# worm? nematoad? ID please



## Noxz (Jan 12, 2012)

With some downtime before Winter quarter at school starts I need to address an issue that has come to light..

In a Ranitomeya viv that I've been pulling fertilized eggs from lately, sometimes one of these worm like creatures comes with them.

Can I get a helpful ID based on these photos?
First is of around some eggs I pulled a week ago or so - which had no sign of these worms at the time. Second is from the film container that had some more eggs today. After removing the eggs from the outside I dumped the entire contents of the inside to a petris dish and used a very simple/cheap USB microscope to take a closer look. Roughly 5mm long.

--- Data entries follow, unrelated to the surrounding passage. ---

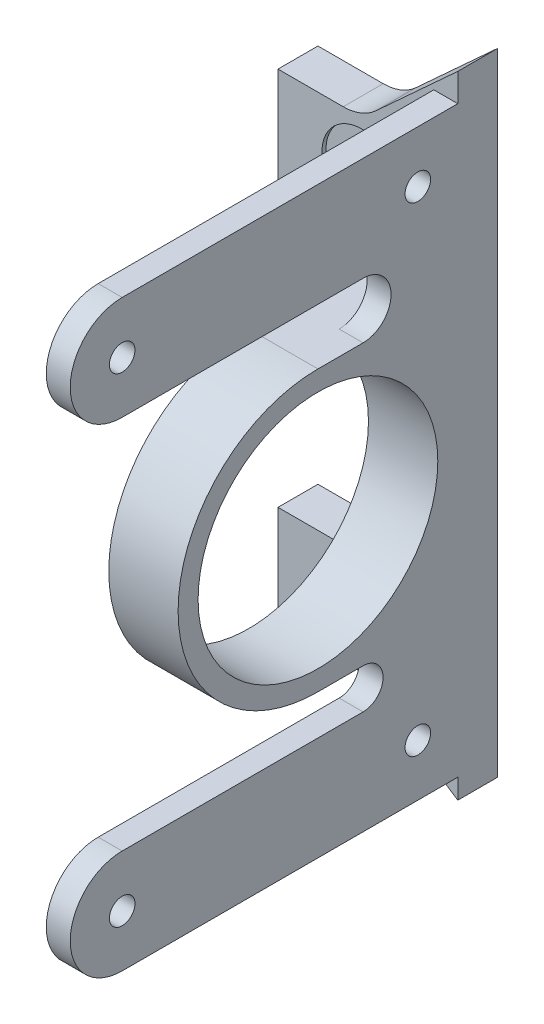
SolidWorks part; units mm, degrees
ref_plane "前视基准面" through (0, 0, 0) normal (0, 0, 1) x (1, 0, 0)
ref_plane "上视基准面" through (0, 0, 0) normal (0, 1, 0) x (1, 0, 0)
ref_plane "右视基准面" through (0, 0, 0) normal (1, 0, 0) x (0, 0, -1)
sketch "草图2" plane through (0, 0, 0) normal (0, 0, 1) x (1, 0, 0)
  line L0 (-14.7736, 24.3382) -> (-14.7736, -35.6618)
  line L1 (-14.7736, -35.6618) -> (30.2264, -35.6618)
  line L2 (7.7264, -35.6618) -> (7.7264, -23.1618)
  line L3 (21.55, -23.1618) -> (-6.0971, -23.1618)
  line L4 (-6.0971, -23.1618) -> (-6.0971, 11.8382)
  line L5 (-6.0971, 11.8382) -> (21.55, 11.8382)
  line L6 (7.7264, 11.8382) -> (7.7264, 24.3382)
  line L7 (30.2264, 24.3382) -> (-14.7736, 24.3382)
  line L8 (7.7264, 28.8603) -> (7.7264, -39.8897) construction
  line L9 (21.55, -23.1618) -> (21.55, 11.8382)
  line L10 (30.2264, 24.3382) -> (30.2264, -35.6618)
  line L11 (-18.1559, -5.6618) -> (33.2411, -5.6618) construction
  point P16 (-6.0971, -5.6618)
  point P17 (-14.7736, -5.6618)
  dimension "D1" = 45
  dimension "D2" = 35
  dimension "D3" = 60
extrude "凸台-拉伸2" add sketch "草图2" along normal blind 5 contours L6 L7 L0 L1 L2 L3 L4 L5 | L10 L7 L6 L5 L9 L3 L2 L1
sketch "草图4" plane through (0, 0, 5) normal (0, 0, 1) x (1, 0, 0)
  line L0 (-18.165, -5.6618) -> (33.9165, -5.6618) construction
  line L1 (-14.7736, 24.3382) -> (-14.7736, -35.6618) construction
  line L2 (-14.7736, -23.1618) -> (-6.0971, -23.1618)
  line L3 (-14.7736, -23.1618) -> (-14.7736, 11.8382)
  line L4 (-14.7736, 11.8382) -> (-6.0971, 11.8382)
  line L5 (-6.0971, -23.1618) -> (-6.0971, 11.8382)
  line L6 (-6.0971, -23.1618) -> (-6.0971, 11.8382) construction
  line L7 (7.7264, -39.813) -> (7.7264, 28.1228) construction
  line L8 (30.2264, 11.8382) -> (21.55, 11.8382)
  line L9 (21.55, -23.1618) -> (21.55, 11.8382)
  line L10 (30.2264, -23.1618) -> (21.55, -23.1618)
  line L11 (30.2264, -23.1618) -> (30.2264, 11.8382)
  point P17 (-14.7736, -5.6618)
  dimension "D1" = 35
extrude "凸台-拉伸15" add sketch "草图4" along normal blind 35
sketch "草图5" plane through (-14.7736, 0, 0) normal (-1, 0, 0) x (0, 0, 1)
  line L0 (0, -5.6618) -> (40, -5.6618)
  line L1 (0, 24.3382) -> (0, -35.6618) construction
  line L2 (40, 11.8382) -> (40, -23.1618) construction
  line L3 (22.5, 11.8382) -> (40, 11.8382)
  line L4 (40, 11.8382) -> (40, -23.1618)
  line L5 (40, -23.1618) -> (22.5, -23.1618)
  circle A0 centre (22.5, -5.6618) radius 17.5
  line M5 (5, -23.1618) -> (40, -23.1618)
  line M6 (40, -23.1618) -> (40, 11.8382)
  line M7 (40, 11.8382) -> (5, 11.8382)
  dimension "D1" = 35
extrude "切除-拉伸1" cut sketch "草图5" against normal blind 45 contours A0 M5 M6 | A0 M6 M7
sketch "草图6" plane through (-14.7736, 0, 0) normal (-1, 0, 0) x (0, 0, 1)
  circle A0 centre (22.5, -5.6618) radius 15
extrude "切除-拉伸2" cut sketch "草图6" against normal blind 45
fillet "圆角1" radius 5 4 edges at (-6.0971, 11.8382, 2.5) (21.55, 11.8382, 2.5) (-6.0971, -23.1618, 2.5) (21.55, -23.1618, 2.5)
sketch "草图7" plane through (-6.0971, 0, 0) normal (1, 0, 0) x (0, 0, -1)
  circle A0 centre (-22.5, -5.6618) radius 15
  circle A1 centre (-22.5, -5.6618) radius 13
extrude "凸台-拉伸16" add sketch "草图7" against normal blind 1
sketch "草图8" plane through (21.55, 0, 0) normal (-1, 0, 0) x (0, 0, 1)
  circle A0 centre (22.5, -5.6618) radius 15
  circle A1 centre (22.5, -5.6618) radius 10
sketch "草图9" plane through (0, 0, 5) normal (0, 0, 1) x (1, 0, 0)
  line L0 (7.7264, 24.3382) -> (7.7264, -35.6618)
  line L13 (30.2264, 24.3382) -> (-14.7736, 24.3382) construction
  line L14 (-14.7736, -35.6618) -> (30.2264, -35.6618) construction
sketch "草图11" plane through (0, 0, 5) normal (0, 0, 1) x (1, 0, 0)
  line L0 (-14.7736, 18.0882) -> (30.2264, 18.0882)
  line L1 (-14.7736, 24.3382) -> (-14.7736, 11.8382) construction
  line L2 (30.2264, 24.3382) -> (30.2264, 11.8382) construction
  line L3 (7.7264, 24.3382) -> (7.7264, -35.6618) construction
  line L4 (30.2264, 24.3382) -> (-14.7736, 24.3382) construction
  line L5 (-14.7736, -35.6618) -> (30.2264, -35.6618) construction
  line L6 (7.7264, -5.6618) -> (45.6912, -5.6618) construction
  line L7 (45.6912, -5.6618) -> (45.6912, 4.9969) construction
  line L10 (-14.7736, -29.4118) -> (30.2264, -29.4118)
  line L11 (-14.7736, -23.1618) -> (-14.7736, -35.6618) construction
  point P4 (-2.7736, 18.0882)
  point P16 (-2.7736, -29.4118)
  point P18 (18.2264, -29.4118)
  point P25 (18.2264, 18.0882)
  dimension "D1" = 12
split "分割1" trim tools "草图9" bodies to split 111 resulting bodies 117 118
delete or keep bodies "实体-删除/保留 2" type delete bodies bodies 117
sketch "草图17" plane through (0, 0, 5) normal (0, 0, 1) x (1, 0, 0)
  line L0 (30.2264, -23.1618) -> (30.2264, -35.6618) construction
  line L1 (30.2264, -41.1618) -> (27.2264, -41.1618)
  line L2 (30.2264, -41.1618) -> (30.2264, -28.1618)
  line L3 (30.2264, -28.1618) -> (27.2264, -28.1618)
  line L4 (27.2264, -41.1618) -> (27.2264, -28.1618)
  line L5 (30.2264, 31.8382) -> (27.2264, 31.8382)
  line L6 (30.2264, 31.8382) -> (30.2264, 18.8382)
  line L7 (30.2264, 18.8382) -> (27.2264, 18.8382)
  line L8 (27.2264, 31.8382) -> (27.2264, 18.8382)
  line L9 (21.55, -23.1618) -> (30.2264, -23.1618) construction
  line L10 (30.2264, 24.3382) -> (30.2264, 11.8382) construction
  line L11 (30.2264, 11.8382) -> (21.55, 11.8382) construction
  point P4 (0, 0)
  dimension "D1" = 3
  dimension "D2" = 3
  dimension "D3" = 13
  dimension "D4" = 13
  dimension "D5" = 7
  dimension "D6" = 5
extrude "凸台-拉伸20" add sketch "草图17" along normal blind 42
hole_wizard "打孔尺寸(%根据六角头螺)栓 全螺纹的类型1" positions "3D草图2" profile "草图31" counterbore size "M4" standard "GB"
sketch3d "3D草图2"
  point P0 (18.2264, 18.0882, 5)
  point P3 (18.2264, -29.4118, 5)
sketch "草图31" plane through (18.2264, 18.0882, 5) normal (1, 0, 0) x (0, -1, 0)
  line L0 (0, 0) -> (0, 6.2919)
  line L1 (0, 6.2919) -> (2.15, 5)
  line L2 (2.15, 5) -> (2.15, 0.5)
  line L3 (2.15, 0.5) -> (5, 0.5)
  line L4 (5, 0.5) -> (5, 0)
  line L5 (5, 0) -> (0, 0)
  line L10 (0, 6.2919) -> (-2.15, 5) construction
  line L11 (0, -6.35) -> (0, 107.95) construction
  dimension "孔直径" = 4.3
  dimension "孔深度" = 5
  dimension "柱形沉头孔直径" = 10
  dimension "柱形沉头孔深度" = 0.5
  dimension "导头角度" = 118
sketch "草图32" plane through (30.2264, 0, 0) normal (1, 0, 0) x (0, 0, -1)
  line L0 (-47, 18.8382) -> (-47, 31.8382) construction
  line L1 (-47, -41.1618) -> (-47, -28.1618) construction
  line L2 (-47, 31.8382) -> (-47, 18.8382)
  line L3 (-47, -28.1618) -> (-47, -41.1618)
  line L4 (-22.5, 11.8382) -> (-5, 11.8382) construction
  line L5 (-47, 18.8382) -> (-5, 18.8382) construction
  line L6 (-16.8515, 11.8382) -> (-5, 11.8382)
  line L7 (-5, 11.8382) -> (-5, 18.8382)
  line L8 (-5, 18.8382) -> (-16.8515, 18.8382)
  line L9 (-47, -28.1618) -> (-5, -28.1618) construction
  line L10 (-22.5, -23.1618) -> (-5, -23.1618) construction
  line L11 (-16.8515, -23.1618) -> (-5, -23.1618)
  line L12 (-5, -23.1618) -> (-5, -28.1618)
  line L13 (-5, -28.1618) -> (-16.8515, -28.1618)
  arc A0 (-47, 31.8382) -> (-47, 18.8382) centre (-47, 25.3382) ccw
  arc A1 (-47, -28.1618) -> (-47, -41.1618) centre (-47, -34.6618) ccw
  arc A2 (-16.8515, 11.8382) -> (-16.8515, 18.8382) centre (-16.8515, 15.3382) ccw
  arc A3 (-16.8515, -28.1618) -> (-16.8515, -23.1618) centre (-16.8515, -25.6618) ccw
  point P22 (0, 0)
extrude "凸台-拉伸21" add sketch "草图32" against normal blind 3
sketch "草图33" plane through (30.2264, 0, 0) normal (1, 0, 0) x (0, 0, -1)
  circle A0 centre (-47, 25.3382) radius 1.6
  circle A1 centre (-47, -34.6618) radius 1.6
  circle A2 centre (-10, 25.3382) radius 1.6
  circle A3 centre (-10, -34.6618) radius 1.6
  point P10 (0, 0)
  dimension "D1" = 37
  dimension "D2" = 37
extrude "切除-拉伸3" cut sketch "草图33" against normal blind 3
sketch "草图34" plane through (0, 0, 5) normal (0, 0, 1) x (1, 0, 0)
  line L0 (18.2264, 24.3382) -> (30.2264, 24.3382)
  line L1 (27.2264, 24.3382) -> (7.7264, 24.3382) construction
  line L2 (30.2264, 24.3382) -> (30.2264, 35.3382)
  line L3 (30.2264, 35.3382) -> (18.2264, 24.3382)
  line L4 (18.2264, -35.6618) -> (30.2264, -35.6618)
  line L5 (7.7264, -35.6618) -> (27.2264, -35.6618) construction
  line L6 (30.2264, -35.6618) -> (30.2264, -43.6618)
  line L7 (30.2264, -43.6618) -> (18.2264, -35.6618)
  dimension "D1" = 11
  dimension "D2" = 12
  dimension "D3" = 8
extrude "凸台-拉伸22" add sketch "草图34" against normal blind 5
fillet "圆角2" radius 6 2 edges at (18.2264, -35.6618, 2.5) (18.2264, 24.3382, 2.5)

I did a random 1/2tbsp sample of the soil at the bottom and nothing wiggling.

Should I grab fecal sample? there are 5 lil guys in there, so maybe a need to isolate/quarantine each one of them to test and so forth. If one has such a parasite - they all would have it? (thus only need to QT one for initial testing?)

I have Ringer's solution on hand.. but I have yet to ever proceed with any treatment. Would need to read up on it a bit more. I believe I have Panacur hidden somewhere as well.

I can test other vivariums/froggie fecals as well - and likely should.

I may need a better microscope.. we have some at school (capturing the photo then may be more difficult)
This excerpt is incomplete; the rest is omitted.